Long circulation time, passive tumor targeting, and photothermal heating of passively targeted gold NR antennas in tumors. A, PEG-NRs were i.v. given (20mg/kg) to three mice bearing MDA-MB-435 tumors, and blood was withdrawn over time to monitor clearance from circulation. B, PEG-NR biodistribution and targeting to MDA-MB-435 tumors 72 h after i.v. administration, quantified via ICP-MS (three mice). T, tumor; Br, brain; Bl, bladder; M, muscle; H, heart; Lu, lung; K, kidney; Li, liver; SP, spleen. Data are tabulated in Supplementary Table S1. C, PEG-NRs or saline were i.v. given (20mg/kg) to mice bearing MDA-MB-435 tumors on opposing flanks. After NRs had cleared from circulation (72 h after injection), the right flank was irradiated using an 810-nm diode laser (2 W/cm²; beam size indicated by dotted circle). D, thermographic surveillance of photothermal heating in PEG-NR-injected (top) and saline-injected (bottom) mice.

Figure 5

Quantitative photothermal modeling of gold NR tumor heating. A, three-dimensional finite element modeling of PEG-NR heating In vivo. Simulated three-dimensional temperature distributions matching the four-dimensional thermographic time points for PEG-NR (top) and control tumor irradiation (bottom). B, thermographically measured and simulated tumor surface temperatures over time for irradiation of PEG-NR or saline mice. C, simulated temperature increases various depths for PEG-NR-injected and saline-injected mice. By 5 min after the onset of irradiation, the entire PEG-NR tumor is predicted to have reached ablative temperatures of >60°, motivating the choice of this irradiation regimen for subsequent therapeutic trials.

Figure 6

Photothermal destruction of human tumors in mice using long-circulating gold NRs.
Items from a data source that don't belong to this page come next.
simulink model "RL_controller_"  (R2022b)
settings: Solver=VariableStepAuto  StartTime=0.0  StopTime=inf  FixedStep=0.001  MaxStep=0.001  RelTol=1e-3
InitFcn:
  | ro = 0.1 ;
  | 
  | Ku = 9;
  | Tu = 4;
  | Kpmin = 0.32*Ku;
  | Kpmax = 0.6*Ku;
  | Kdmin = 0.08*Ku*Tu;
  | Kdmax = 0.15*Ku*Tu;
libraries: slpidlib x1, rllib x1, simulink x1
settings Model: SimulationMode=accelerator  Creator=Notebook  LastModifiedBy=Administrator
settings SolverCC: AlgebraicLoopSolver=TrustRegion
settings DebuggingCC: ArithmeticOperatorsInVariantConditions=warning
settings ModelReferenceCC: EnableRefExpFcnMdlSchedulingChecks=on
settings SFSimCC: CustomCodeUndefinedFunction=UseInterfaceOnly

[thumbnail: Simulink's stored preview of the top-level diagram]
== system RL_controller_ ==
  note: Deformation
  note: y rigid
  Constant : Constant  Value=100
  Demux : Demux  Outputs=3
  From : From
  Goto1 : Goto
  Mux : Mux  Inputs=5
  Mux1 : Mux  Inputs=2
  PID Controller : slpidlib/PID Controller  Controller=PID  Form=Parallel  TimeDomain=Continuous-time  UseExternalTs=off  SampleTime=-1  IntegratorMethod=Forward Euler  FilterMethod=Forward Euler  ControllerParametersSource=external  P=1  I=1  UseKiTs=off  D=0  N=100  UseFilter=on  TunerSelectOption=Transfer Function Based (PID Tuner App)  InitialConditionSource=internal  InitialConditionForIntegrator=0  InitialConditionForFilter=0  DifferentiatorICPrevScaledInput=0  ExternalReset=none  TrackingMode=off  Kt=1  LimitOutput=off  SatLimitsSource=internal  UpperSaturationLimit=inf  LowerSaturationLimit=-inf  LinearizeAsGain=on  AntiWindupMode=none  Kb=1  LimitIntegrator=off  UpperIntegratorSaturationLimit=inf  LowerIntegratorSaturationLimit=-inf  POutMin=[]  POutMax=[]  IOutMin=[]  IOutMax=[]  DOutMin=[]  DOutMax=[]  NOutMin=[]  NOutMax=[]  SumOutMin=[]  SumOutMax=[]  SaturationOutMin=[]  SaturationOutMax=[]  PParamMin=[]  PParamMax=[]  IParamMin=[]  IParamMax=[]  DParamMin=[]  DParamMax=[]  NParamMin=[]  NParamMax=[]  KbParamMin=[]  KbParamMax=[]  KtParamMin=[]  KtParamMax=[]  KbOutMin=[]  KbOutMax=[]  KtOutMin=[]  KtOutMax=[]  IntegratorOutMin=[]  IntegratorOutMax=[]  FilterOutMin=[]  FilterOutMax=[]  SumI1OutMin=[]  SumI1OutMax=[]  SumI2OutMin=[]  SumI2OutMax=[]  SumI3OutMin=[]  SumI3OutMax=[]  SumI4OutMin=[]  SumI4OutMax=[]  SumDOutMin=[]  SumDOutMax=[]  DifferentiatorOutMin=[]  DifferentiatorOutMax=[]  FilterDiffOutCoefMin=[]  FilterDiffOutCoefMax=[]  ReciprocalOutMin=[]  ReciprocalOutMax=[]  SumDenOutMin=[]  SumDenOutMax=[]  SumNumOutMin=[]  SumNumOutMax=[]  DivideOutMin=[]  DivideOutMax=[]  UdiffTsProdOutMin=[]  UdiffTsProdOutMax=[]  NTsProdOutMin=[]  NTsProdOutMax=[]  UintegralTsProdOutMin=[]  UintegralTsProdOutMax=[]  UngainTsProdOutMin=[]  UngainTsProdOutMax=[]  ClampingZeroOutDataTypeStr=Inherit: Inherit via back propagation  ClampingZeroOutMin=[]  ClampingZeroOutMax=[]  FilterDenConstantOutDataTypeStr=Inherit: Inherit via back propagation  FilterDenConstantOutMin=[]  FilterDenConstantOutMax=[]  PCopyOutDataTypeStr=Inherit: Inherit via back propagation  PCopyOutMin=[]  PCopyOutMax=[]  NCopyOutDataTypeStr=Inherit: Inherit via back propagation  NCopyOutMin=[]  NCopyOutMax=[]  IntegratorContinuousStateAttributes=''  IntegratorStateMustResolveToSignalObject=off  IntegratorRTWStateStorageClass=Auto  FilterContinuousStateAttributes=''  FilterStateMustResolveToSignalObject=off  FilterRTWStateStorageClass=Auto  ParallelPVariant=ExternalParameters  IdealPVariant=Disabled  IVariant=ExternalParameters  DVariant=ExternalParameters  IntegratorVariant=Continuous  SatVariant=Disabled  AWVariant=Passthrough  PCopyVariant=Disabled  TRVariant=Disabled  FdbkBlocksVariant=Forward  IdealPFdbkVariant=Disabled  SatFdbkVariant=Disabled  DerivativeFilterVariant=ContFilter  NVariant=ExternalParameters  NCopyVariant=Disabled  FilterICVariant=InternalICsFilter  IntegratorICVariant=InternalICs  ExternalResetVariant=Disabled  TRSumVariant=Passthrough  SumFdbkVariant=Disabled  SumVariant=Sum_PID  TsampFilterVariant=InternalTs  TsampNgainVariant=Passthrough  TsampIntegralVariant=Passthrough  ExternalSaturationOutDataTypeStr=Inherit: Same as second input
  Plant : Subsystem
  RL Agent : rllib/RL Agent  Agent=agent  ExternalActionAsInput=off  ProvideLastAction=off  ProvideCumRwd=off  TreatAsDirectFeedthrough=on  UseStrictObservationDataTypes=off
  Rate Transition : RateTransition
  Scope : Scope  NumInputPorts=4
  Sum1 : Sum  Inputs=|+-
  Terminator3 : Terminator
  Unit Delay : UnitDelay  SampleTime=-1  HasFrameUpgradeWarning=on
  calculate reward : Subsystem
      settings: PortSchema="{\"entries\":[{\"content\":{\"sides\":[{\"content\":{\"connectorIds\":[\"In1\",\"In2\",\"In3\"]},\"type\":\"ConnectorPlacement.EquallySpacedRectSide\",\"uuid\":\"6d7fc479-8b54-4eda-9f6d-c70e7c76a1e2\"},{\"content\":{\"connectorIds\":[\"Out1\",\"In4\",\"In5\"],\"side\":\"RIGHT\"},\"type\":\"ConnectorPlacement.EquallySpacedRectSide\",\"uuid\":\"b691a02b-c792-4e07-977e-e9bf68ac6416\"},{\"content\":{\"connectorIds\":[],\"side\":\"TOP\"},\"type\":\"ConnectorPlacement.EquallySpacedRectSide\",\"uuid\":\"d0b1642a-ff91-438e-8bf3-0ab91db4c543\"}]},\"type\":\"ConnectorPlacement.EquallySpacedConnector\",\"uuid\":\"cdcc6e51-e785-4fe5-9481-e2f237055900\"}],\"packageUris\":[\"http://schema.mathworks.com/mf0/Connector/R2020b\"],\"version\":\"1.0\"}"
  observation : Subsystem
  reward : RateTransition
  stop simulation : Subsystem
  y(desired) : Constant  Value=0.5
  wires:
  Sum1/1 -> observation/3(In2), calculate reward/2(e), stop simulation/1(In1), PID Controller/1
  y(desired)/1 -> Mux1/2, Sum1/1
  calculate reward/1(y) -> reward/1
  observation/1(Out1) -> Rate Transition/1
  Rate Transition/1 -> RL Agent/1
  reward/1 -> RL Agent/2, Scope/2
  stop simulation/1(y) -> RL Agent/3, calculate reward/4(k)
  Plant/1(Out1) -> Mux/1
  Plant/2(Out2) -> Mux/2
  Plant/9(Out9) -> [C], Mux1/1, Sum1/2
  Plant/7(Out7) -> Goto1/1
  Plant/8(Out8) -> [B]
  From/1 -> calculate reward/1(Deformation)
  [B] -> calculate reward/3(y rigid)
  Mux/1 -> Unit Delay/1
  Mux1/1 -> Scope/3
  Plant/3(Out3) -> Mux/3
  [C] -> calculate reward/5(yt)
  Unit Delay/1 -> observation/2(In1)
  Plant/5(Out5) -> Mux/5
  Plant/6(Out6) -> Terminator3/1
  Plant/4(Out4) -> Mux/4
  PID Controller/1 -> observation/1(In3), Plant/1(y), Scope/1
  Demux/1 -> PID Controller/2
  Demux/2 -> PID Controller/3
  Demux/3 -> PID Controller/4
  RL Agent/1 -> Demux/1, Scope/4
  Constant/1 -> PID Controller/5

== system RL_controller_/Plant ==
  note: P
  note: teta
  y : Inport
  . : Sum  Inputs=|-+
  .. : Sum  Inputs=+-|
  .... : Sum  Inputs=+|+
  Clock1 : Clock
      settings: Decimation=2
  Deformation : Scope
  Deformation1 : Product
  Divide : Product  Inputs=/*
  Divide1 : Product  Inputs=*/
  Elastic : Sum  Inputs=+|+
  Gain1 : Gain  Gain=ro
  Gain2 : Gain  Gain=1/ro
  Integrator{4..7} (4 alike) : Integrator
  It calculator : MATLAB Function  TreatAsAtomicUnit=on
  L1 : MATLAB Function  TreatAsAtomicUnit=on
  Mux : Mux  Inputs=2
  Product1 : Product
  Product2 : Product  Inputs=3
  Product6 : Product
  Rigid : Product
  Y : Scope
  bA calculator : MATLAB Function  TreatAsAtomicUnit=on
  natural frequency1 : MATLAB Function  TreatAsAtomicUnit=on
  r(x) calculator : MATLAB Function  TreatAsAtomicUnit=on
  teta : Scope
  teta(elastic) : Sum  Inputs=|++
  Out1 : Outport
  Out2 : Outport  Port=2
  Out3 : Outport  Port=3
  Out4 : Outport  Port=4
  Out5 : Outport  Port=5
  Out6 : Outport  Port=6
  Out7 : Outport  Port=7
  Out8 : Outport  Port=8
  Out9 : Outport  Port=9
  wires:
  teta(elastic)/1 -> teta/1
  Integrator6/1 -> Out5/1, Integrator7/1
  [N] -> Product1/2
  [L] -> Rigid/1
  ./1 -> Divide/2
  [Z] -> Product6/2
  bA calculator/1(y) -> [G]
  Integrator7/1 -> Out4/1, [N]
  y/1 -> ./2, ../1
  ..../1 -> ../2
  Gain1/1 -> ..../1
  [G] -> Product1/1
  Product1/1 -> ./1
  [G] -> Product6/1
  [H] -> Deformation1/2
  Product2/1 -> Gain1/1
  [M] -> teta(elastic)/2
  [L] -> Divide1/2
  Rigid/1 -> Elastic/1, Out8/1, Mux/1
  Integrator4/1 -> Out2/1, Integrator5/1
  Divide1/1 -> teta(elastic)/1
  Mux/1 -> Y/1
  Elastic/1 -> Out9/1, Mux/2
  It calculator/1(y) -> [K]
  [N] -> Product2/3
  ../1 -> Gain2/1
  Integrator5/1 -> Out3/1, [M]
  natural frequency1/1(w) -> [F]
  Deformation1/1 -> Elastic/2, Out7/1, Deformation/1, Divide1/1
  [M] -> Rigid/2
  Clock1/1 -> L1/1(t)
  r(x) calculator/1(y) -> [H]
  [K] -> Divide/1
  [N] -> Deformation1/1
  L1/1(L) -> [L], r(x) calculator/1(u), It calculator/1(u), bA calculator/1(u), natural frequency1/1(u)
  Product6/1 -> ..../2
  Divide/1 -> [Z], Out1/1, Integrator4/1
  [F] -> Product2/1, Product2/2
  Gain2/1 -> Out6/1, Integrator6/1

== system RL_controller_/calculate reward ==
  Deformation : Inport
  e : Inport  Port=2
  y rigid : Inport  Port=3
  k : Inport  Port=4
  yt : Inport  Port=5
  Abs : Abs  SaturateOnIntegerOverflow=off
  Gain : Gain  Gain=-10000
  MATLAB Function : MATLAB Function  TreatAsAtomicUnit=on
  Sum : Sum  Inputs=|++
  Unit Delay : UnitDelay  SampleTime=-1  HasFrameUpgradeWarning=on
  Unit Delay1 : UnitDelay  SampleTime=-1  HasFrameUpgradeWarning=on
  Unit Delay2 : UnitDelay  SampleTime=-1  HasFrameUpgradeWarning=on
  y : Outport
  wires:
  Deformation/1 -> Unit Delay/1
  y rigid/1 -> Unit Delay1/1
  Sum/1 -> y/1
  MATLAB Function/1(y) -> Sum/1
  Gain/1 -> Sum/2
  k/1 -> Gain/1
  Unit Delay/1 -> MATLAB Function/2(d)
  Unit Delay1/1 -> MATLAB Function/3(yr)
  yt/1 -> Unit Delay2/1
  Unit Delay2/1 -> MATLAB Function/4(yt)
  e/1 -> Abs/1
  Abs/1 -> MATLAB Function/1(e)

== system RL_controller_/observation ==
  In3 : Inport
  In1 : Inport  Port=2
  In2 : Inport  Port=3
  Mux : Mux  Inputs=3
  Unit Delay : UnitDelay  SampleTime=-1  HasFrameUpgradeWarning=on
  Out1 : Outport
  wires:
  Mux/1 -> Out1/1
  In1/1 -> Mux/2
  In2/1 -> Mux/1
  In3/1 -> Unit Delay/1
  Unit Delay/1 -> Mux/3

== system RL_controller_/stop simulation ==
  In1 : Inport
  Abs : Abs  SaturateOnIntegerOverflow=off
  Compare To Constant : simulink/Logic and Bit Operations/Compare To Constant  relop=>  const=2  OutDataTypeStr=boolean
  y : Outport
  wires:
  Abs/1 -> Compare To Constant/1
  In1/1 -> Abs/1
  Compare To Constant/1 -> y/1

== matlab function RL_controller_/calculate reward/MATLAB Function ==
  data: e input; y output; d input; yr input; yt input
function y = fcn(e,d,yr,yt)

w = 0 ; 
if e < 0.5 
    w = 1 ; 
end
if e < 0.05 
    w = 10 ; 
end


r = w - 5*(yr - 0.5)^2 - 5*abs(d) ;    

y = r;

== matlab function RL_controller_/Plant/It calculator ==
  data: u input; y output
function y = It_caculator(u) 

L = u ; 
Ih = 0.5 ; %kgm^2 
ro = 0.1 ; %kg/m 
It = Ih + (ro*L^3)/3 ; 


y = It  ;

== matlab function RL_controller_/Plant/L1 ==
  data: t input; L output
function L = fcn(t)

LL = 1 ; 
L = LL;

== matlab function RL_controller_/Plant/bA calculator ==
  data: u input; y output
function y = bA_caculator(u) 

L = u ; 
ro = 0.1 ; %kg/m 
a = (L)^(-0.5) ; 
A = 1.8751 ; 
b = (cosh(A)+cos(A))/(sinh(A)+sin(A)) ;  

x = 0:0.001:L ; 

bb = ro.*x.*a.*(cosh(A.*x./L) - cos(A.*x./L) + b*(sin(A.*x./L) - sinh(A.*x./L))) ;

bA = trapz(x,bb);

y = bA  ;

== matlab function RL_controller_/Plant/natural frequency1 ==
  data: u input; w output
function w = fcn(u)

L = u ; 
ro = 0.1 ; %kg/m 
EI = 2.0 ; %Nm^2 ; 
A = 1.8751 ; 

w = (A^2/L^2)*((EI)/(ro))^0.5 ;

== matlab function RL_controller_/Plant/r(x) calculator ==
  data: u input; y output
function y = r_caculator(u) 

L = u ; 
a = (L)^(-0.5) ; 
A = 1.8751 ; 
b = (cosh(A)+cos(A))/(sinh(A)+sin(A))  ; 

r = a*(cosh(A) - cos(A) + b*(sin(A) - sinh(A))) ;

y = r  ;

A, mice harboring two MDA-MB-435 human tumors on opposite flanks were injected with either saline or PEG-NRs. After PEG-NRs had cleared from circulation (72 h after injection), the right flank of each mouse was exposed to the computationally designed irradiation regimen (810nm, 2 W/cm², 5 min). Volumetric changes in tumor sizes are plotted over time after irradiation. B, mice harboring one MDA-MB-435 human tumor were injected with either saline or PEG-NRs and irradiated as in A. Survival of mice after irradiation is plotted versus time after irradiation. C, at 20d after irradiation, NIR-irradiated, all PEG-NR-injected mice showed only a minor scar and no evidence of tumor regrowth whereas all other treatment groups harbored thriving tumors.